I'm new to the forum and new to woodworking. I have been carving for a little while now and starting to branch out to new woodworking projects. The forestry and milling section of the forum is mostly what I'm intrested in. I'm tired of buying wood when I have access to a lot of cherry, black walnut, red oak, white oak, maple and basswood. I use the basswood for carving and hardwoods for decoy keels. I would also like to use the hardwoods for other woodworking projects. I have somebody that will mill it for me pretty cheap but I'm having trouble finding someone to dry it out for me. The basswood is usally milled to 3"- 4" thick and various widths for carving. The hardwoods are milled to 1" thick or less. I have been reading a little bit in this forum before I signed up. Sounds like this is the place to get some questions answered. I have been reading about solar kilns and sounds like it will be a big investment for the amout of wood I plan on drying out. Plus we don't have very much sun here at all. I have read a little bit about a DH kiln, but I have found very little info on them. Does anybody operate one these dh kilns? Would they be able to dry out 4"x4"x7' pieces of basswood? If so, about how long wood it take? 
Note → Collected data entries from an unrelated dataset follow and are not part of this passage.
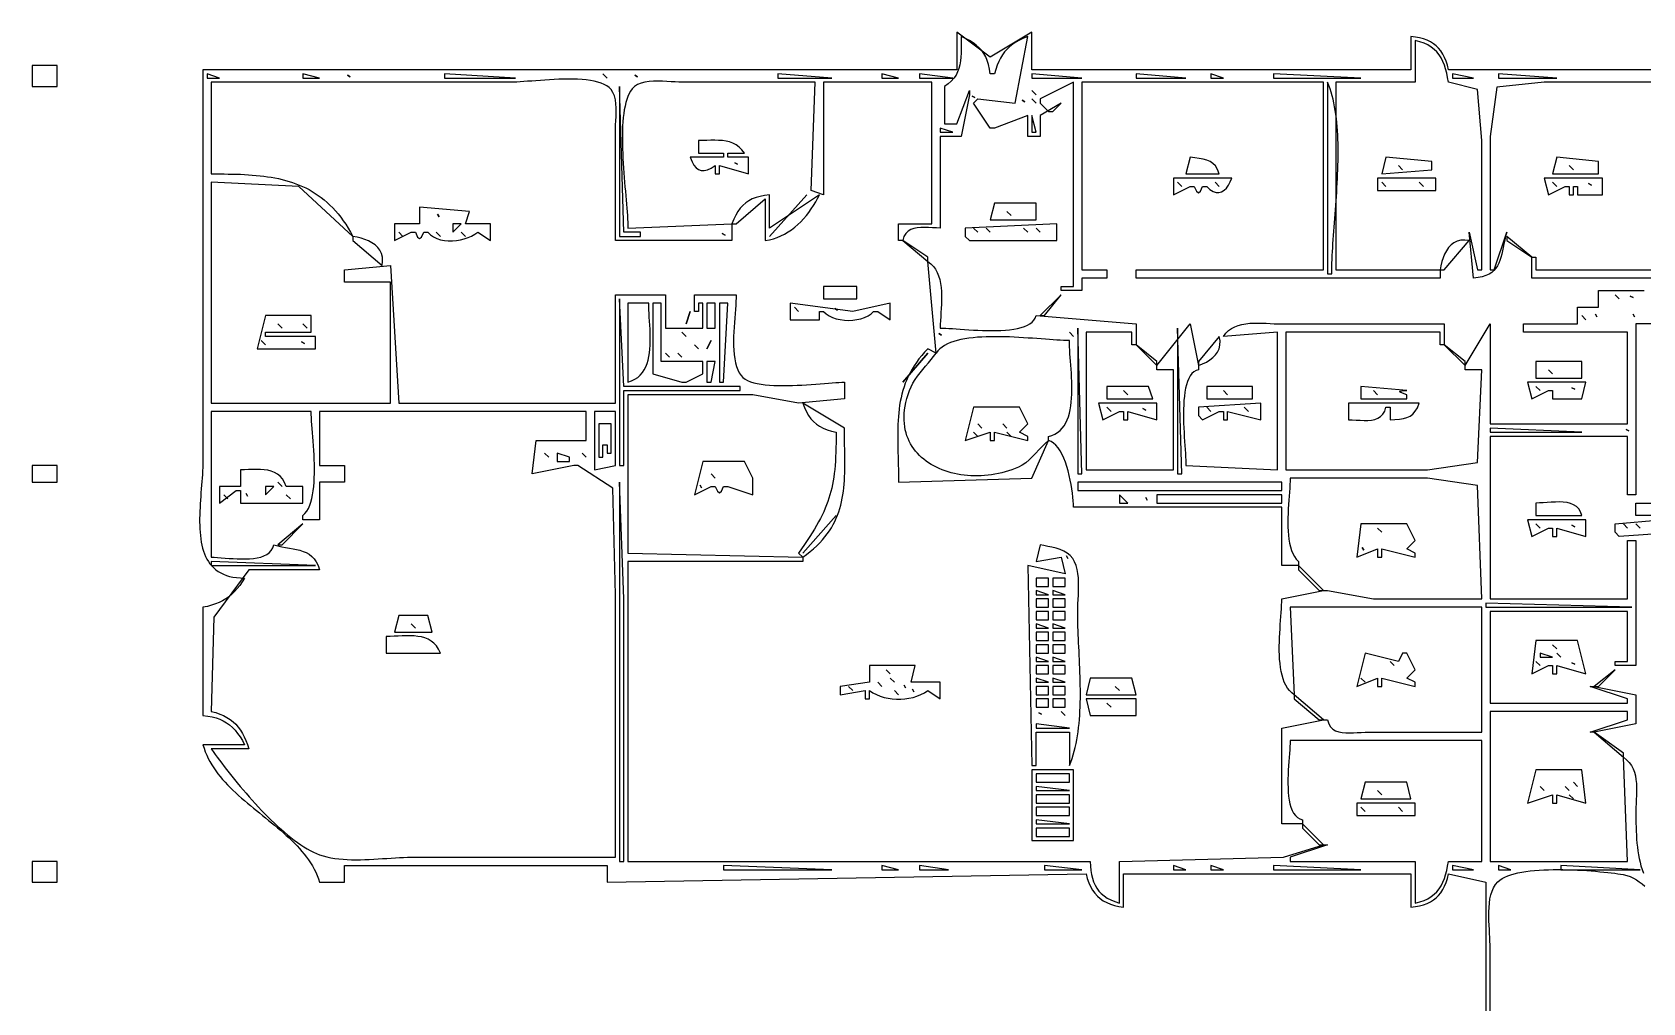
# Model space of a CAD drawing. Extents: x 0 to 1224, y 0 to 792.
# Drawn here: x 403 to 789.7, y 335.1 to 568 of the extents above; entities that cross this region are included whole.
import ezdxf

# ---------------------------------------------------------------- set-up
doc = ezdxf.new("R2010")
doc.units = 0
doc.layers.add('C7', color=7, linetype='CONTINUOUS')

msp = doc.modelspace()

# ---------------------------------------------------------------- linework, layer by layer
at = {"layer": 'C7'}
for points in [[(625, 568), (625, 559), (444, 559), (444, 466), (443.9925, 465.2049), (443.9713, 464.3932), (443.9381, 463.5664), (443.8947, 462.7261), (443.8428, 461.8741), (443.7843, 461.0119), (443.7207, 460.1412), (443.6541, 459.2636), (443.586, 458.3809), (443.5182, 457.4946), (443.4526, 456.6064), (443.3908, 455.7179), (443.3347, 454.8308), (443.286, 453.9467), (443.2464, 453.0673), (443.2177, 452.1942), (443.2017, 451.3291), (443.2002, 450.4737), (443.2149, 449.6294), (443.2475, 448.7981), (443.2998, 447.9813), (443.3737, 447.1808), (443.4708, 446.3981), (443.5929, 445.6348), (443.7417, 444.8928), (443.9191, 444.1735), (444.1268, 443.4786), (444.3666, 442.8098), (444.6402, 442.1688), (444.9493, 441.5571), (445.2958, 440.9764), (445.6814, 440.4284), (446.1079, 439.9148), (446.577, 439.4371), (447.0905, 438.9969), (447.6501, 438.5961), (448.2576, 438.2361), (448.9149, 437.9187), (449.6235, 437.6455), (450.3854, 437.4181), (451.2022, 437.2382), (452.0757, 437.1075), (453.0077, 437.0275), (454, 437), (453.4139, 436.0828), (452.8166, 435.2389), (452.2027, 434.4656), (451.567, 433.76), (450.9044, 433.1194), (450.2094, 432.541), (449.4769, 432.0221), (448.7016, 431.5597), (447.8783, 431.1512), (447.0018, 430.7938), (446.0667, 430.4846), (445.0678, 430.2209), (444, 430), (444, 404), (445.131, 403.8798), (446.1786, 403.6955), (447.149, 403.4455), (448.0486, 403.1284), (448.8838, 402.7427), (449.6607, 402.2866), (450.3857, 401.7589), (451.0652, 401.1578), (451.7054, 400.482), (452.3127, 399.7298), (452.8933, 398.8998), (453.4536, 397.9903), (454, 397), (444, 397), (444.2596, 396.1559), (444.5576, 395.3321), (444.8926, 394.5277), (445.2627, 393.7418), (445.6664, 392.9736), (446.1022, 392.2223), (446.5682, 391.487), (447.063, 390.767), (447.5848, 390.0613), (448.1322, 389.3691), (448.7033, 388.6896), (449.2967, 388.0219), (449.9106, 387.3653), (450.5435, 386.7188), (451.1938, 386.0817), (451.8597, 385.4531), (452.5397, 384.8321), (453.2322, 384.218), (453.9355, 383.6099), (454.648, 383.0069), (455.368, 382.4082), (456.094, 381.8131), (456.8244, 381.2205), (457.5574, 380.6298), (458.2915, 380.04), (459.025, 379.4504), (459.7563, 378.86), (460.4838, 378.2682), (461.2059, 377.6739), (461.9209, 377.0764), (462.6272, 376.4749), (463.3232, 375.8685), (464.0073, 375.2563), (464.6777, 374.6376), (465.333, 374.0115), (465.9714, 373.3771), (466.5914, 372.7337), (467.1913, 372.0804), (467.7696, 371.4163), (468.3244, 370.7406), (468.8543, 370.0525), (469.3577, 369.3511), (469.8328, 368.6357), (470.2781, 367.9053), (470.6919, 367.1591), (471.0726, 366.3963), (471.4186, 365.6161), (471.7283, 364.8176), (472, 364), (478, 364), (478, 368), (541, 368), (541, 364), (656, 366), (656.3073, 364.8926), (656.6698, 363.8778), (657.09, 362.9529), (657.5703, 362.1148), (658.1132, 361.3606), (658.721, 360.6875), (659.3962, 360.0925), (660.1413, 359.5727), (660.9587, 359.1252), (661.8508, 358.7471), (662.8201, 358.4355), (663.869, 358.1874), (665, 358), (665, 366), (734, 366), (734, 358), (735.0832, 358.1505), (736.0909, 358.3537), (737.0251, 358.6126), (737.8876, 358.9302), (738.6805, 359.3095), (739.4056, 359.7535), (740.0649, 360.2653), (740.6604, 360.8479), (741.1939, 361.5044), (741.6673, 362.2376), (742.0828, 363.0508), (742.442, 363.9469), (742.7471, 364.929), (743, 366), (752, 364), (752, 310)], [(626, 567), (626.0057, 565.9757), (626.0162, 564.963), (626.0191, 563.9654), (626.0018, 562.9864), (625.9521, 562.0296), (625.8575, 561.0985), (625.7058, 560.1967), (625.4843, 559.3276), (625.1809, 558.4949), (624.7831, 557.702), (624.2784, 556.9526), (623.6546, 556.25), (622.8993, 555.598), (622, 555), (622, 546), (625, 546), (628, 554), (628, 553), (626, 543), (621, 543), (621, 521), (620.0747, 521.0215), (619.1308, 521.0706), (618.1835, 521.1242), (617.2479, 521.1593), (616.3391, 521.1527), (615.4723, 521.0813), (614.6626, 520.9221), (613.9251, 520.6519), (613.275, 520.2477), (612.7273, 519.6864), (612.2973, 518.9448), (612, 518), (611, 518), (611, 522), (619, 522), (619, 556), (593, 556), (593, 529), (590, 530), (591, 556), (559, 556), (558.2154, 556.0192), (557.33, 556.0672), (556.3652, 556.1297), (555.3422, 556.1924), (554.2823, 556.2409), (553.2067, 556.2608), (552.1368, 556.2379), (551.0938, 556.1578), (550.0991, 556.006), (549.1738, 555.7684), (548.3393, 555.4305), (547.6168, 554.978), (547.0277, 554.3966), (546.6527, 553.8636), (546.3162, 553.264), (546.0164, 552.6015), (545.7519, 551.88), (545.5208, 551.1032), (545.3215, 550.2751), (545.1524, 549.3993), (545.012, 548.4797), (544.8984, 547.5201), (544.8101, 546.5243), (544.7454, 545.4961), (544.7026, 544.4393), (544.6802, 543.3577), (544.6765, 542.2552), (544.6899, 541.1355), (544.7186, 540.0024), (544.7611, 538.8598), (544.8156, 537.7115), (544.8806, 536.5612), (544.9545, 535.4128), (545.0355, 534.2701), (545.122, 533.1368), (545.2124, 532.0169), (545.305, 530.914), (545.3982, 529.8321), (545.4903, 528.7748), (545.5797, 527.7461), (545.6648, 526.7497), (545.7438, 525.7895), (545.8152, 524.8691), (545.8773, 523.9926), (545.9285, 523.1636), (545.9671, 522.3859), (545.9915, 521.6635), (546, 521), (571, 522), (571, 518), (543, 518), (543, 544), (543.0197, 544.8306), (543.0678, 545.7455), (543.1272, 546.7234), (543.1808, 547.743), (543.2119, 548.783), (543.2033, 549.822), (543.1381, 550.8388), (542.9994, 551.8121), (542.7701, 552.7205), (542.4334, 553.5428), (541.9722, 554.2577)], [(937, 559), (743, 559), (742.7471, 560.0709), (742.442, 561.0529), (742.0828, 561.949), (741.6673, 562.7622), (741.1939, 563.4955), (740.6604, 564.1519), (740.0649, 564.7346), (739.4056, 565.2464), (738.6805, 565.6904), (737.8876, 566.0697), (737.0251, 566.3873), (736.0909, 566.6462), (735.0832, 566.8494), (734, 567), (734, 559), (643, 559), (643, 568), (633, 562), (625, 568)], [(794, 556), (766, 556), (754.603394, 554.820984), (753, 543), (753, 511), (754, 511), (757, 520), (756.7382, 519.0484), (756.5156, 518.1204), (756.3208, 517.2191), (756.1425, 516.3475), (755.9693, 515.5088), (755.7898, 514.7059), (755.5925, 513.9421), (755.3662, 513.2204), (755.0995, 512.5439), (754.7809, 511.9157), (754.399, 511.3389), (753.9426, 510.8166), (753.4002, 510.3518), (752.7604, 509.9477), (752.0119, 509.6074), (751.1432, 509.334), (750.143, 509.1304), (749, 509), (748, 520), (750, 511), (751, 511), (751, 542), (749.972229, 554.25769), (743, 556), (742.8137, 557.1159), (742.5951, 558.1748), (742.3375, 559.1753), (742.0341, 560.1165), (741.6782, 560.997), (741.263, 561.8157), (740.7818, 562.5714), (740.2279, 563.263), (739.5946, 563.8893), (738.875, 564.4491), (738.0625, 564.9412), (737.1503, 565.3645), (736.1317, 565.7178), (735, 566), (735, 556), (716, 556), (716, 511), (741, 511), (741, 509), (668, 509), (668, 511), (713, 511), (713, 556), (655, 556), (655, 511), (661, 511), (661, 509), (655, 509), (655, 506), (650, 506), (650, 507), (653, 507), (653, 556), (645, 552), (645, 551), (647, 549), (648, 549), (650, 551), (645, 548), (645, 543), (642, 543), (642, 548), (634, 545), (633, 545), (629, 551), (630, 552), (639, 551), (642, 567), (640.9765, 566.5665), (640.0377, 566.1094), (639.179, 565.6234), (638.3958, 565.1032), (637.6837, 564.5434), (637.0381, 563.9387), (636.4544, 563.2837), (635.9281, 562.5732), (635.4548, 561.8017), (635.0298, 560.964), (634.6487, 560.0547), (634.3069, 559.0684), (634, 558), (633, 558), (632.8312, 559.1685), (632.5981, 560.2296), (632.2973, 561.1929), (631.9255, 562.0675), (631.4795, 562.8629), (630.9559, 563.5885), (630.3514, 564.2536), (629.6628, 564.8676), (628.8866, 565.4399), (628.0196, 565.9798), (627.0585, 566.4967), (626, 567)], [(403, 560), (403, 555), (409, 555), (409, 560), (403, 560)], [(445, 558), (445, 557), (448, 557), (445, 558)], [(468, 558), (468, 557), (472, 557), (468, 558)], [(478.666656, 557.666687), (479.333344, 557.333313), (478.666656, 557.666687)], [(502, 558), (502, 557), (519, 557), (502, 558)], [(540, 558), (541, 557), (540, 558)], [(547.666687, 557.666687), (548.333313, 557.333313), (547.666687, 557.666687)], [(582, 558), (582, 557), (595, 557), (582, 558)], [(607, 558), (607, 557), (611, 557), (607, 558)], [(616, 558), (616, 557), (624, 557), (616, 558)], [(643, 558), (643, 557), (655, 557), (643, 558)], [(668, 558), (668, 557), (680, 557), (668, 558)], [(686, 558), (686, 557), (689, 557), (686, 558)], [(701, 558), (701, 557), (722, 557), (701, 558)], [(744, 558), (744, 557), (749, 557), (744, 558)], [(755, 558), (755, 557), (769, 557), (755, 558)], [(541.9722, 554.2576), (541.5188, 554.7244), (540.9674, 555.1334), (540.3257, 555.488), (539.6011, 555.7912), (538.8013, 556.0464), (537.9337, 556.2567), (537.006, 556.4253), (536.0257, 556.5556), (535.0004, 556.6506), (533.9375, 556.7137), (532.8447, 556.748), (531.7296, 556.7567), (530.5996, 556.7432), (529.4624, 556.7105), (528.3255, 556.6619), (527.1964, 556.6007), (526.0827, 556.53), (524.992, 556.4531), (523.9318, 556.3732), (522.9097, 556.2935), (521.9332, 556.2172), (521.01, 556.1476), (520.1474, 556.0878), (519.3532, 556.0411), (518.6349, 556.0108), (518, 556), (446, 556), (446, 534), (447.0259, 533.9989), (448.0429, 533.9951), (449.0509, 533.9874), (450.0496, 533.9748), (451.0391, 533.956), (452.0191, 533.9301), (452.9896, 533.896), (453.9505, 533.8525), (454.9015, 533.7986), (455.8426, 533.7331), (456.7738, 533.655), (457.6947, 533.5632), (458.6054, 533.4565), (459.5057, 533.334), (460.3954, 533.1944), (461.2745, 533.0367), (462.1429, 532.8599), (463.0004, 532.6627), (463.8469, 532.4442), (464.6822, 532.2032), (465.5063, 531.9386), (466.3191, 531.6493), (467.1203, 531.3343), (467.91, 530.9925), (468.6879, 530.6227), (469.454, 530.2238), (470.2081, 529.7948), (470.95, 529.3346), (471.6798, 528.8421), (472.3973, 528.3161), (473.1022, 527.7557), (473.7946, 527.1596), (474.4743, 526.5268), (475.1412, 525.8563), (475.7951, 525.1468), (476.436, 524.3974), (477.0637, 523.6069), (477.678, 522.7742), (478.279, 521.8983), (478.8663, 520.978), (479.44, 520.0122), (480, 519), (467, 530.972229), (446, 532), (446, 479), (489, 479), (489, 508), (478, 508), (478, 511), (489, 512), (491, 479), (543, 479), (543, 505), (555, 505), (555, 497), (564, 497), (564, 503), (563, 503), (563, 501), (562, 501), (562, 505), (572, 505), (571.986, 504.2266), (571.9476, 503.3778), (571.8902, 502.4627), (571.819, 501.4904), (571.7395, 500.4701), (571.657, 499.4108), (571.5769, 498.3218), (571.5044, 497.2121), (571.4449, 496.0908), (571.4038, 494.9671), (571.3864, 493.8501), (571.398, 492.7488), (571.4441, 491.6726), (571.5299, 490.6304), (571.6608, 489.6314), (571.8422, 488.6846), (572.0793, 487.7994), (572.3776, 486.9846), (572.7424, 486.2496), (573.179, 485.6034)], [(544, 555), (544, 519), (549, 519), (549, 520), (545, 520), (544, 555)], [(643, 554), (644, 553), (643, 554)], [(714, 556), (714, 510), (715, 510), (715.0053, 510.8407), (715.0207, 511.7024), (715.0456, 512.5839), (715.079, 513.4844), (715.1204, 514.4027), (715.1689, 515.338), (715.2237, 516.2892), (715.2842, 517.2553), (715.3496, 518.2354), (715.419, 519.2284), (715.4918, 520.2334), (715.5673, 521.2493), (715.6445, 522.2752), (715.7229, 523.31), (715.8017, 524.3529), (715.88, 525.4027), (715.9572, 526.4586), (716.0324, 527.5194), (716.105, 528.5843), (716.1742, 529.6522), (716.2393, 530.7221), (716.2994, 531.793), (716.3538, 532.864), (716.4018, 533.934), (716.4426, 535.0021), (716.4755, 536.0673), (716.4997, 537.1285), (716.5144, 538.1848), (716.519, 539.2352), (716.5126, 540.2787), (716.4945, 541.3143), (716.464, 542.341), (716.4203, 543.3578), (716.3626, 544.3638), (716.2902, 545.3578), (716.2023, 546.3391), (716.0983, 547.3064), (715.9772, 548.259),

Thanks for any info you could give!


----------



## firehawkmph (Apr 26, 2008)

Welcome to the forum, NY,
I don't have an answer for you, but I would be willing to bet the Daren or one of the other loggers will. 
Mike Hawkins


----------



## drcollins804 (Jan 11, 2008)

NY 
You might want to check out Daren's plans too. http://www.woodworkingtalk.com/f23/small-wood-drying-kiln-plans-dry-your-own-lumber-3103/ There are lots of ways to dry your own wood. Would love to see your projects. Hope we are able to help.
David


----------



## Rick C. (Dec 17, 2008)

Welcome NY:yes::yes:,
You picked the right site. I use a dh kiln,got the plans from Daren,and it seems to work very well.I just pulled out my first load of red oak.The kiln cost me a little over $300 to build.It's 4'x4'x10'.
All my oak was 5/4so I couldn't say how long it would take 4"x4" wood,it took mine about three weeks.
Good Luck,
Rick
:clap:Yippee,more brains to pick.


----------



## TexasTimbers (Oct 17, 2006)

Welcome NYD. Is Delta a city, or a region in NY?


----------



## Oscar (Jun 7, 2008)

Welcome aboard NY:thumbsup:


----------



## Daren (Oct 14, 2006)

Welcome, no wonder my ears were burning. :huh: A d/h kiln would work (about 2 1/2-3 weeks, my guess on the carving stock) but you can also dry small pieces in the microwave. 45 seconds on high, take it out to cool for 3-5 minutes. Repeat several times. http://www.woodworkingtalk.com/f6/nuke-6620/


----------



## NY Delta (Mar 19, 2009)

Thanks for the reply's:thumbsup: 

Texas Timbers- No it's not a city in NY just a forum name.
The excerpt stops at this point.